▶ WORK INSTRUCTIONS
If a line below contains the word "lineweight", count it; give only the total.

▶ Stored items from a collection

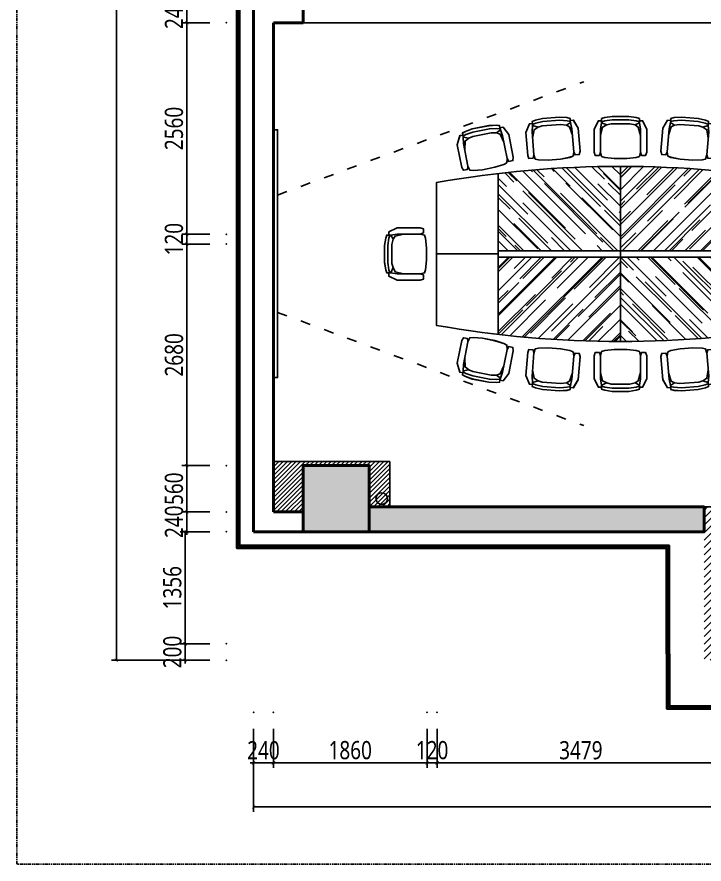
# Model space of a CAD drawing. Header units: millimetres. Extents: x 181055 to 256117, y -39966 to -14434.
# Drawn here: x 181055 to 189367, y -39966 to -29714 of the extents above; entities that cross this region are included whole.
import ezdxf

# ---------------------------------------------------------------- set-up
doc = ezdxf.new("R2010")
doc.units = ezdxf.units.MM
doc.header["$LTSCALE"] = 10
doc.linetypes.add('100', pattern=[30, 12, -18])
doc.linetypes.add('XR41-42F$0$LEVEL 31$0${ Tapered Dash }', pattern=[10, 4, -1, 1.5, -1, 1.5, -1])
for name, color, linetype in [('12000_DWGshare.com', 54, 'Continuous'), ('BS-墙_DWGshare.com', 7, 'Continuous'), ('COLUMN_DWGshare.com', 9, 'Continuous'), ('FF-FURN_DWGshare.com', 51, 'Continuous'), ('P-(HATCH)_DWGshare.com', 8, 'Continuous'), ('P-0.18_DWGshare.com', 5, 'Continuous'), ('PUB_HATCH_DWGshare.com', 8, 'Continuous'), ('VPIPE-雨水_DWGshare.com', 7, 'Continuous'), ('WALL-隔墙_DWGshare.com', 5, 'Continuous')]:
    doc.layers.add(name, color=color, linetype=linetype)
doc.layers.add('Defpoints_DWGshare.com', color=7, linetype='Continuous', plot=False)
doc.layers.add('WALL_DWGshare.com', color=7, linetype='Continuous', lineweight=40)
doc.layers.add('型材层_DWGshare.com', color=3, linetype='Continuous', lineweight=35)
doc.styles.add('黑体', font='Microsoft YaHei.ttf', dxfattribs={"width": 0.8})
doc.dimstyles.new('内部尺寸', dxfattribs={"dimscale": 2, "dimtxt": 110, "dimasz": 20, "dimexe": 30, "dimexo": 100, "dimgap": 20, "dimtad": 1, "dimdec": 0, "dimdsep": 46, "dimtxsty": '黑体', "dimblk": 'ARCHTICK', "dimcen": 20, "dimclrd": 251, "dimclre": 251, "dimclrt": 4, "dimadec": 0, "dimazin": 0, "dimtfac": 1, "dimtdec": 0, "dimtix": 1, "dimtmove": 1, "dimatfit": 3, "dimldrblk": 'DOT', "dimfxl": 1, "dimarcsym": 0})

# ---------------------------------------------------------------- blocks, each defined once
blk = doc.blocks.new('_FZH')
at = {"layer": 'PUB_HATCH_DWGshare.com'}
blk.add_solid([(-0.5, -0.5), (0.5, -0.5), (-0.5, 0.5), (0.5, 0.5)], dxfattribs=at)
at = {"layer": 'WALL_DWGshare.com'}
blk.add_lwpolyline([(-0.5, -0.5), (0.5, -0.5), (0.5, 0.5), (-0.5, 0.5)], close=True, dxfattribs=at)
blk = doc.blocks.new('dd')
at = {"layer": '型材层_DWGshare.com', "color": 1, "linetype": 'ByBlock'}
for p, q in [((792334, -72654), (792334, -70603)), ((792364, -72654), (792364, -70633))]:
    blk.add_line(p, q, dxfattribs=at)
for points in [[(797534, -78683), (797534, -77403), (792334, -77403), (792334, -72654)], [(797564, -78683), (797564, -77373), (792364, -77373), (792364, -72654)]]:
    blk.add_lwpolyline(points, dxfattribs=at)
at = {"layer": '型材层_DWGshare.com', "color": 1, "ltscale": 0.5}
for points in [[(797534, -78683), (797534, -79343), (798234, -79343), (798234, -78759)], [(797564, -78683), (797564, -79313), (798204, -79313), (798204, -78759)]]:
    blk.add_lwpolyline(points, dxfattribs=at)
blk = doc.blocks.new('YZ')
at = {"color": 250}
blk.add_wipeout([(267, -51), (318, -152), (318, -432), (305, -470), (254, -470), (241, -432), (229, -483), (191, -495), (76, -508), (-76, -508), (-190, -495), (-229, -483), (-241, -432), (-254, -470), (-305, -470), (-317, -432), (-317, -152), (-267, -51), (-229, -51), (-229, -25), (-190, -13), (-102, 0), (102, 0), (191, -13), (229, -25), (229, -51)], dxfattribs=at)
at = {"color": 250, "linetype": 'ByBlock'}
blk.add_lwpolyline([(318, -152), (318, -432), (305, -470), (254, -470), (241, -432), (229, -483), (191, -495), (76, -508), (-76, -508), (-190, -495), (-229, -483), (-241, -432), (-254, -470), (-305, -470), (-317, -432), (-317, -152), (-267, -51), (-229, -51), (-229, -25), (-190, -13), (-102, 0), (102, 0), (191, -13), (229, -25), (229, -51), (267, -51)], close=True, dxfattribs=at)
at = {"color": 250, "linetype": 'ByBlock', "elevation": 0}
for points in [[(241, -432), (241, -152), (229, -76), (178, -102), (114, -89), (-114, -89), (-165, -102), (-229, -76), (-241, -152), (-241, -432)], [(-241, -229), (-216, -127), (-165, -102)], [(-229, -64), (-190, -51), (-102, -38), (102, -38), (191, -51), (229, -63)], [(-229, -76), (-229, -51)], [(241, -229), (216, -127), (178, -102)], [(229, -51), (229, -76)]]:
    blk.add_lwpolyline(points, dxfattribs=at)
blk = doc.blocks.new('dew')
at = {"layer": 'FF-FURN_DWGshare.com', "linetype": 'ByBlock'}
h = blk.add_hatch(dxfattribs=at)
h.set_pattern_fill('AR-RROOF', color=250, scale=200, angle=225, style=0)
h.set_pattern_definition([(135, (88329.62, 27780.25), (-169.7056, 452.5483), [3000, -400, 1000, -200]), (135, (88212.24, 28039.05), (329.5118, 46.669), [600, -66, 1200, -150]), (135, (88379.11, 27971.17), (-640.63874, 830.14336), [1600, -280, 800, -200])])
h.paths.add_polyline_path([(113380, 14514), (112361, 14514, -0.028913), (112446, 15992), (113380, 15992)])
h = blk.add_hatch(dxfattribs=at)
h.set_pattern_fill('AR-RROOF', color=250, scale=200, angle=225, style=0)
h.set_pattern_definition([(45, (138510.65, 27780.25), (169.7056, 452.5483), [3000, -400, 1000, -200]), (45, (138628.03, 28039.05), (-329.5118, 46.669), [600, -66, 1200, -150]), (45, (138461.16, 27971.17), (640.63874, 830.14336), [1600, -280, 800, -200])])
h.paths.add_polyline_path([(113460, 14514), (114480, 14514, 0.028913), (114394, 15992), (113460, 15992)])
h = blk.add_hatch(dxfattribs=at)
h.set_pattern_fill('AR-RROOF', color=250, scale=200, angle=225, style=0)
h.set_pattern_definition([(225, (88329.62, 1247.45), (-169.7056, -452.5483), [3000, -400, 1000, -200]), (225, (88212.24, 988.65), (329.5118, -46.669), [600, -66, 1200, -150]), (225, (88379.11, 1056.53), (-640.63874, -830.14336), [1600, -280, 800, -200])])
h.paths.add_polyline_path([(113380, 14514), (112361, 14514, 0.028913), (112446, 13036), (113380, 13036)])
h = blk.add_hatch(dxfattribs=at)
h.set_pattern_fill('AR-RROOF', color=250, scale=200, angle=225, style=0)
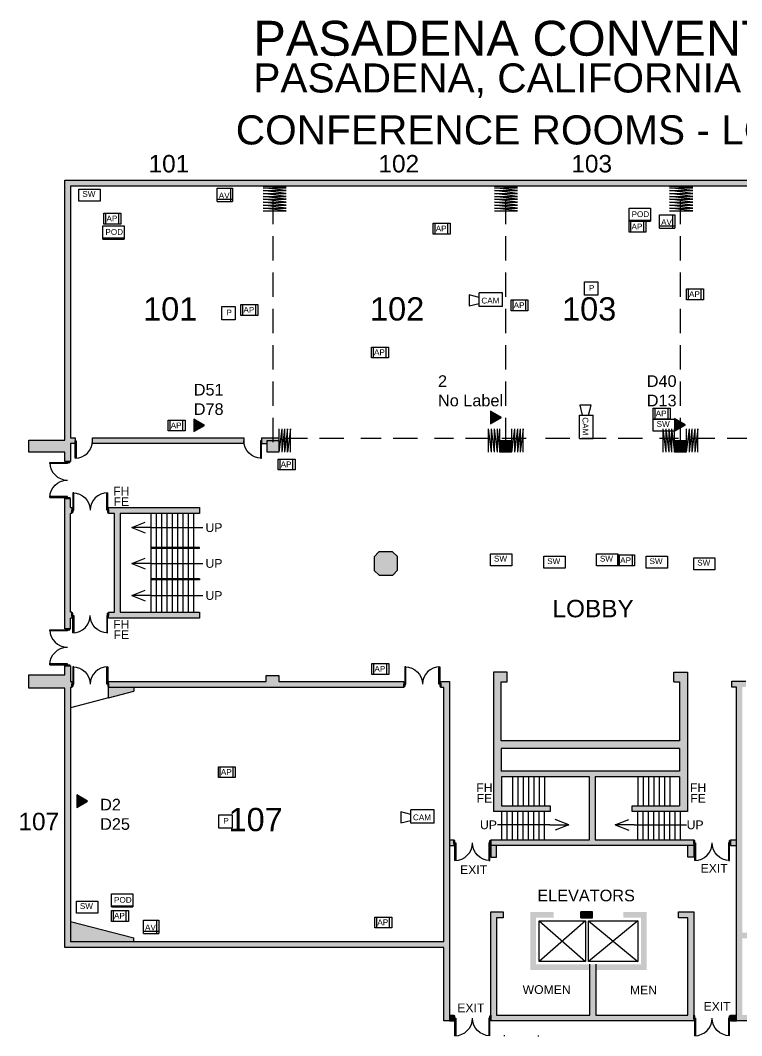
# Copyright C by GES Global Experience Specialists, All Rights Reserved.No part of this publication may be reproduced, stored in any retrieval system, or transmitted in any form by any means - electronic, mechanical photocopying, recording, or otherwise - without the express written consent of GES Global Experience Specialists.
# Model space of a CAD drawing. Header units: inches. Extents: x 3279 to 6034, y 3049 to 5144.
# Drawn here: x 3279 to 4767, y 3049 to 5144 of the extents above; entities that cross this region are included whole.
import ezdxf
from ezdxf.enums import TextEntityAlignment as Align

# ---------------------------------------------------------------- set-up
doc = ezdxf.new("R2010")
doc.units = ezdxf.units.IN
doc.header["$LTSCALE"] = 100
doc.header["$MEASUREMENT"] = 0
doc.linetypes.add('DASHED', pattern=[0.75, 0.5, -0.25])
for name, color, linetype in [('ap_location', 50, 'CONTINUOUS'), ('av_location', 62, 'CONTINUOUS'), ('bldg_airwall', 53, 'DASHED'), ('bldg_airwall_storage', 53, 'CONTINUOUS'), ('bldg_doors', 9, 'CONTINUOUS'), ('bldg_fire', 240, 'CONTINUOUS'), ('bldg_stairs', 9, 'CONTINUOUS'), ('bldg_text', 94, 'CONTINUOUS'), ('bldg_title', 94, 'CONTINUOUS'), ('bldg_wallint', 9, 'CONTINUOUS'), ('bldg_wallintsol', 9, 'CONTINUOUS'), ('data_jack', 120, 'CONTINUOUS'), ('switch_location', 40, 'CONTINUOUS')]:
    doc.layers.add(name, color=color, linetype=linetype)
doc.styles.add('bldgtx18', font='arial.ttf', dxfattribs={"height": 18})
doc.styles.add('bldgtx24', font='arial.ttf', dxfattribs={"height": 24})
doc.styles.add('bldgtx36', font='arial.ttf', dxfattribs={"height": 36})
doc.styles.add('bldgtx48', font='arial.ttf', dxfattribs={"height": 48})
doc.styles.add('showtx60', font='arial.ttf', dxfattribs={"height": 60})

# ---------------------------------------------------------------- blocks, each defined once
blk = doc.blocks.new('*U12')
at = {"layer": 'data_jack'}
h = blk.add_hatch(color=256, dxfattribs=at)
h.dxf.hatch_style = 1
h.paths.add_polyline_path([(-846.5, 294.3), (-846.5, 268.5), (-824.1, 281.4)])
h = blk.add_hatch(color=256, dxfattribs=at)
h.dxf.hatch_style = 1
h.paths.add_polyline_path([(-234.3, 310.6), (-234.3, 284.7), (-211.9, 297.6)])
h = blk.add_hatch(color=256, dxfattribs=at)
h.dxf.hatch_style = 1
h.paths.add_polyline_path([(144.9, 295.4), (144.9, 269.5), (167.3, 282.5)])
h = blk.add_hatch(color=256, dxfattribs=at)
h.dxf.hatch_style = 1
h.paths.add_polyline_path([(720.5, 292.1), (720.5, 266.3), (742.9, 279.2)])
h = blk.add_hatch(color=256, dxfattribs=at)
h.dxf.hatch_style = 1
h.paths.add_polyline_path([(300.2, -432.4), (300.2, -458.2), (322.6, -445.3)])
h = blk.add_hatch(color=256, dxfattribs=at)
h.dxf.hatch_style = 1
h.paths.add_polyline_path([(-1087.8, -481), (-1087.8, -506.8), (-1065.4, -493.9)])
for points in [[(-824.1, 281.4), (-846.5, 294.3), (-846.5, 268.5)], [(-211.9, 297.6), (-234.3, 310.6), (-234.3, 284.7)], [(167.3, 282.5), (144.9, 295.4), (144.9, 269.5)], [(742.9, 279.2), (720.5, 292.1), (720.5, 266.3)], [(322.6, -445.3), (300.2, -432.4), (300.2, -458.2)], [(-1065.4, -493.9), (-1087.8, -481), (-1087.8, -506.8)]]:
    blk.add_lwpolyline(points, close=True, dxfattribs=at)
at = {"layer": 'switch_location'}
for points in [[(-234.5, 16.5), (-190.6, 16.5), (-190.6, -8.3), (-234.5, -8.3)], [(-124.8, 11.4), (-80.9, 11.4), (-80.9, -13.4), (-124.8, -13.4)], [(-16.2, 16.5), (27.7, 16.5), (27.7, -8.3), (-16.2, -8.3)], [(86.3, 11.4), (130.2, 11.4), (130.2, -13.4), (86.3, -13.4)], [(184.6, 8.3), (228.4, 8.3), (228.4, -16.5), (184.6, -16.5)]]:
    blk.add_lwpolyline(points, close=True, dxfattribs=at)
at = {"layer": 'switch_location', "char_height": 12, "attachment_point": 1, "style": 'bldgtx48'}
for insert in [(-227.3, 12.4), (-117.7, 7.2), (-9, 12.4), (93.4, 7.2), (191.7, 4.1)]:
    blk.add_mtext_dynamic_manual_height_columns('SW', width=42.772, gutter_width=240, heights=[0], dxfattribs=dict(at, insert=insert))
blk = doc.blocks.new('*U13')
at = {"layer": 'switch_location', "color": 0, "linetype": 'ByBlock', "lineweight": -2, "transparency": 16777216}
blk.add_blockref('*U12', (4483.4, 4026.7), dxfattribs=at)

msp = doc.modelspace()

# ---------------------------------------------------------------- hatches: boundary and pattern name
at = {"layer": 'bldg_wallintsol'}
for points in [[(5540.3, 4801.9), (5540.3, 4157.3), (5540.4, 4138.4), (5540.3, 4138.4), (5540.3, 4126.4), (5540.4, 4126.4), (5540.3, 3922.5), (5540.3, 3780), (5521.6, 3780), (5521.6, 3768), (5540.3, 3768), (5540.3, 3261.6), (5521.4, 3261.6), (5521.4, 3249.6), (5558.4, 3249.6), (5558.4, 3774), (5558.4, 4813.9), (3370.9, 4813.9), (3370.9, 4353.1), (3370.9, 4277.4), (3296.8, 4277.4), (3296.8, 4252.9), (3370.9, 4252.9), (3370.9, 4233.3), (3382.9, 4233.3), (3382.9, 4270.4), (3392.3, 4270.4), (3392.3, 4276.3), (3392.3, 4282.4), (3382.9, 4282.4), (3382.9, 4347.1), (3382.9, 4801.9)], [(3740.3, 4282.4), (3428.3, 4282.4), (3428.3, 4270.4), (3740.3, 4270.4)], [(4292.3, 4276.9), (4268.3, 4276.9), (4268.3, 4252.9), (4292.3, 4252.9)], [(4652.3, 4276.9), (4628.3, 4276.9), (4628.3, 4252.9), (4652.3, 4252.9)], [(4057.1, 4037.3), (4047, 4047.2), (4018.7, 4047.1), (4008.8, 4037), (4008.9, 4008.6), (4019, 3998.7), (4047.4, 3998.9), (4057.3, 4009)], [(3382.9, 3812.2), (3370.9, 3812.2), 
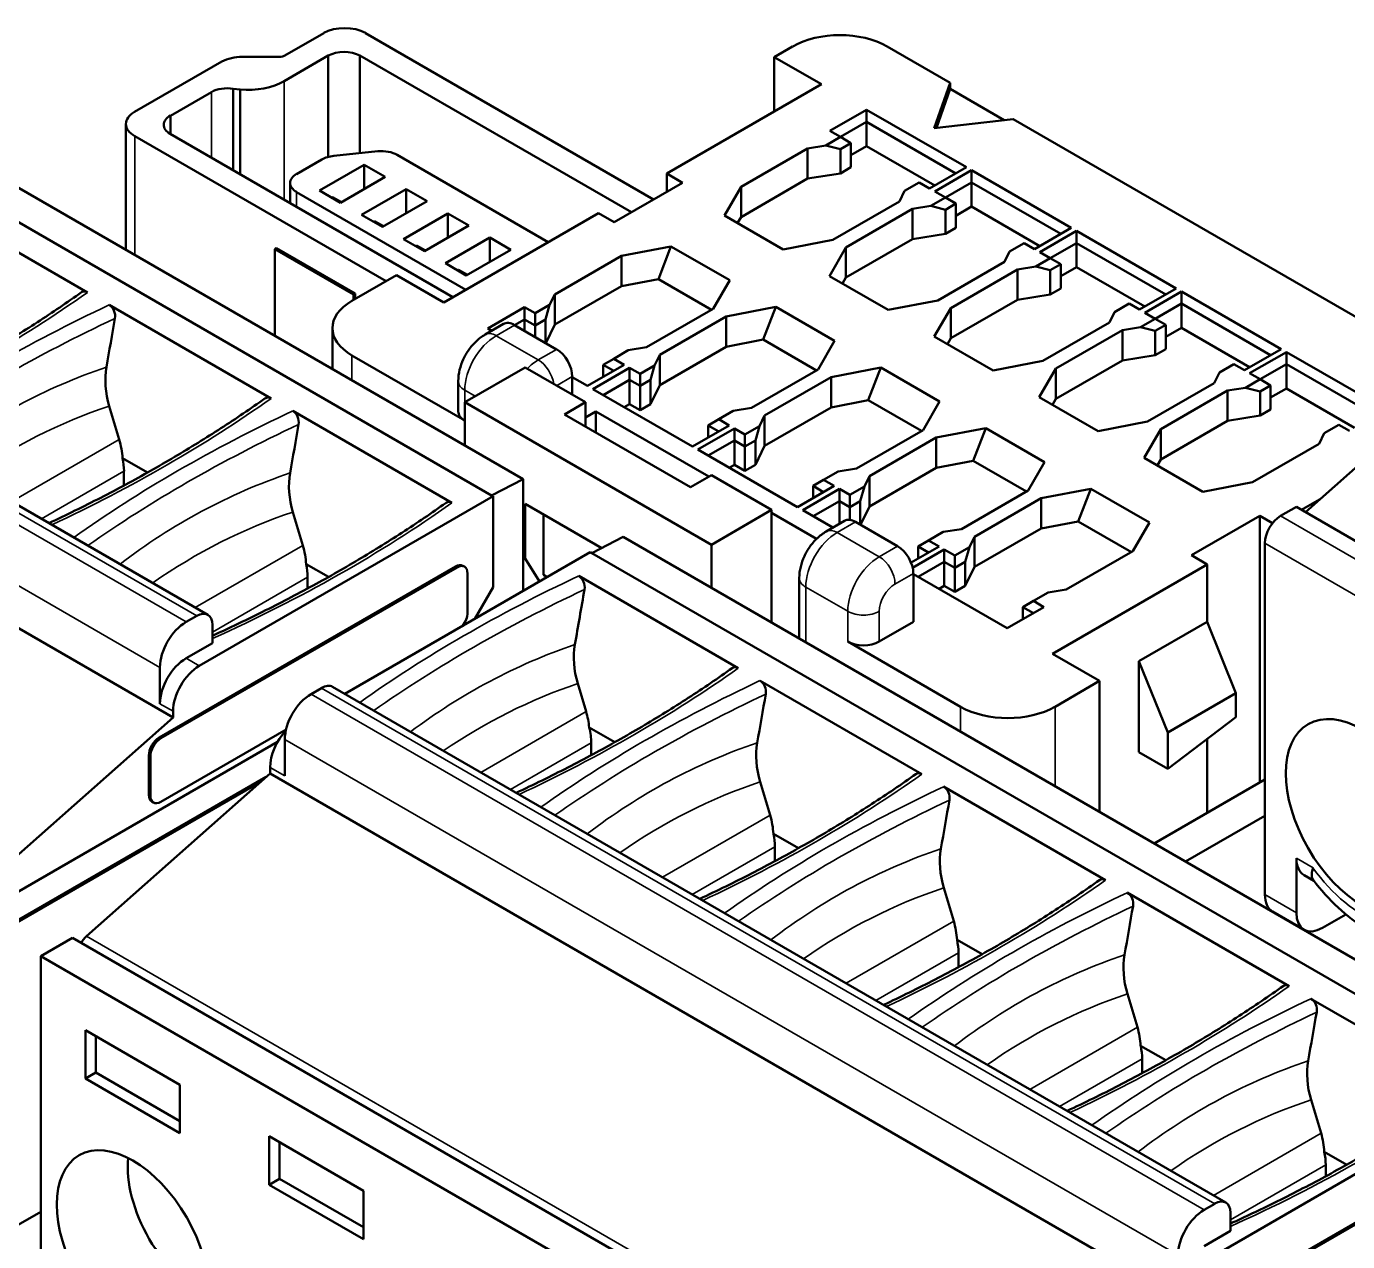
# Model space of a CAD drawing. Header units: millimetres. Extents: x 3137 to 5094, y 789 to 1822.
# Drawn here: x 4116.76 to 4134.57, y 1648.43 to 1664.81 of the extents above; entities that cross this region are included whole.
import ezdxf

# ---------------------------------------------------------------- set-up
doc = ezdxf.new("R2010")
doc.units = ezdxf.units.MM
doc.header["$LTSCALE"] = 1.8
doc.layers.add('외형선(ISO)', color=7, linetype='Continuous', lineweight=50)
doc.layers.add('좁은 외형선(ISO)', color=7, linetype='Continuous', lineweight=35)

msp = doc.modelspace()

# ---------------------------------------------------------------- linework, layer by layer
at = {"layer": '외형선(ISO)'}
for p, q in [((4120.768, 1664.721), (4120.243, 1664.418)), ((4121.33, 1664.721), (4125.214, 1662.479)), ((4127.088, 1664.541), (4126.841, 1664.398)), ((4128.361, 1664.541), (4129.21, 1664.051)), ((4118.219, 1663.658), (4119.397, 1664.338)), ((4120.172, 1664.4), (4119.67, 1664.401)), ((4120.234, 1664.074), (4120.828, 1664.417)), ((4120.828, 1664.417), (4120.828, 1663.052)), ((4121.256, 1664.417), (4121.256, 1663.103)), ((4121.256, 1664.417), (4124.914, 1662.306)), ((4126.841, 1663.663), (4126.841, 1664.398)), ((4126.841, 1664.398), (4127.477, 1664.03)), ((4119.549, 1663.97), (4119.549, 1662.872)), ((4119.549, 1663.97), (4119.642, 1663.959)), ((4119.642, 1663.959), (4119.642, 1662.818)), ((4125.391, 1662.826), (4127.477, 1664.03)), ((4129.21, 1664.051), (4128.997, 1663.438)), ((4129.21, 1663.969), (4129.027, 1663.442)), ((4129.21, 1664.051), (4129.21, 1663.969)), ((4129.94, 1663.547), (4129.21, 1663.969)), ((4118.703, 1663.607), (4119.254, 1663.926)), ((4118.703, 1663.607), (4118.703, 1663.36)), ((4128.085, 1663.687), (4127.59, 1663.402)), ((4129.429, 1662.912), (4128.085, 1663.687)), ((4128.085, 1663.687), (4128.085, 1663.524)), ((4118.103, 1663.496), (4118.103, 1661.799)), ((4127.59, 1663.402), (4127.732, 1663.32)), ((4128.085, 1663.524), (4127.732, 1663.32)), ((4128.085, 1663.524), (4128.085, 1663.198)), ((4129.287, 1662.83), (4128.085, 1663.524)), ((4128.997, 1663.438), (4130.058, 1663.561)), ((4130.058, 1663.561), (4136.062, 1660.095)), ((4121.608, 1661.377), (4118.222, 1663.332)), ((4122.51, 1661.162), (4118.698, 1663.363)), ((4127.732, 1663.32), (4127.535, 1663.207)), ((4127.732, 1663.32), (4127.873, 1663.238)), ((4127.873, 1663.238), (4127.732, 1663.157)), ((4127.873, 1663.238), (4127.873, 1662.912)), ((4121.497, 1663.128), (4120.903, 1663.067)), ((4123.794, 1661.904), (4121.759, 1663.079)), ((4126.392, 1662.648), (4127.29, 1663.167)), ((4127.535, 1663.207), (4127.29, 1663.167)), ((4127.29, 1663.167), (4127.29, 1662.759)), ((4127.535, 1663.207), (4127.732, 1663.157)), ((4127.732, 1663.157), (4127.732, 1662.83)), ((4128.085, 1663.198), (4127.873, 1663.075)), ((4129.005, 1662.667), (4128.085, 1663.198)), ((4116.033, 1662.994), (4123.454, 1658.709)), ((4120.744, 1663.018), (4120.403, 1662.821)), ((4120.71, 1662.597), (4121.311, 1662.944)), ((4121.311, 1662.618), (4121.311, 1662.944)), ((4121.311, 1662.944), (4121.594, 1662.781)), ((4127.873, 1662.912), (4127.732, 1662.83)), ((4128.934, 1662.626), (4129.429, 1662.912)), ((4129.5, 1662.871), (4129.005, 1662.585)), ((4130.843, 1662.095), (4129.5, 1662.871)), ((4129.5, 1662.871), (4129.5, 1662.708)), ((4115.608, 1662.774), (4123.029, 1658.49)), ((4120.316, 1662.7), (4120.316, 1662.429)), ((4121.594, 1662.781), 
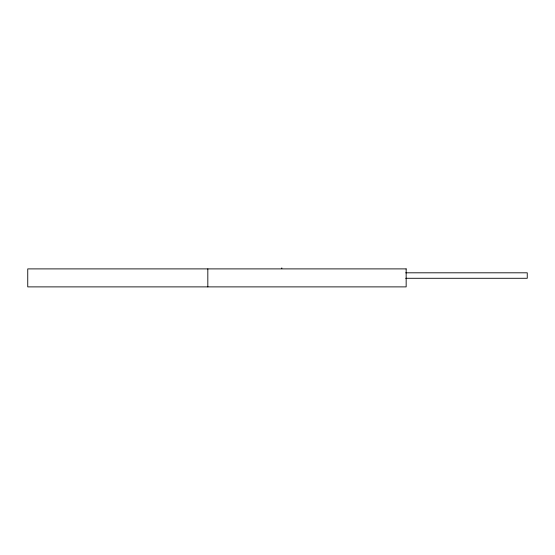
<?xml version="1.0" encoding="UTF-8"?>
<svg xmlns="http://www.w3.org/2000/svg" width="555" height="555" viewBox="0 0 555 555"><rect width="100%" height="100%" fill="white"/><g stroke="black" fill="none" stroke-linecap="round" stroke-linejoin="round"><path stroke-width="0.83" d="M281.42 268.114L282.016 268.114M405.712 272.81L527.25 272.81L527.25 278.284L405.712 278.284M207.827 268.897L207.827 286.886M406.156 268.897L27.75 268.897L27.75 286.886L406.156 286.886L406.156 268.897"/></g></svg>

▶ OUTPUT FOR THIS EXERCISE
5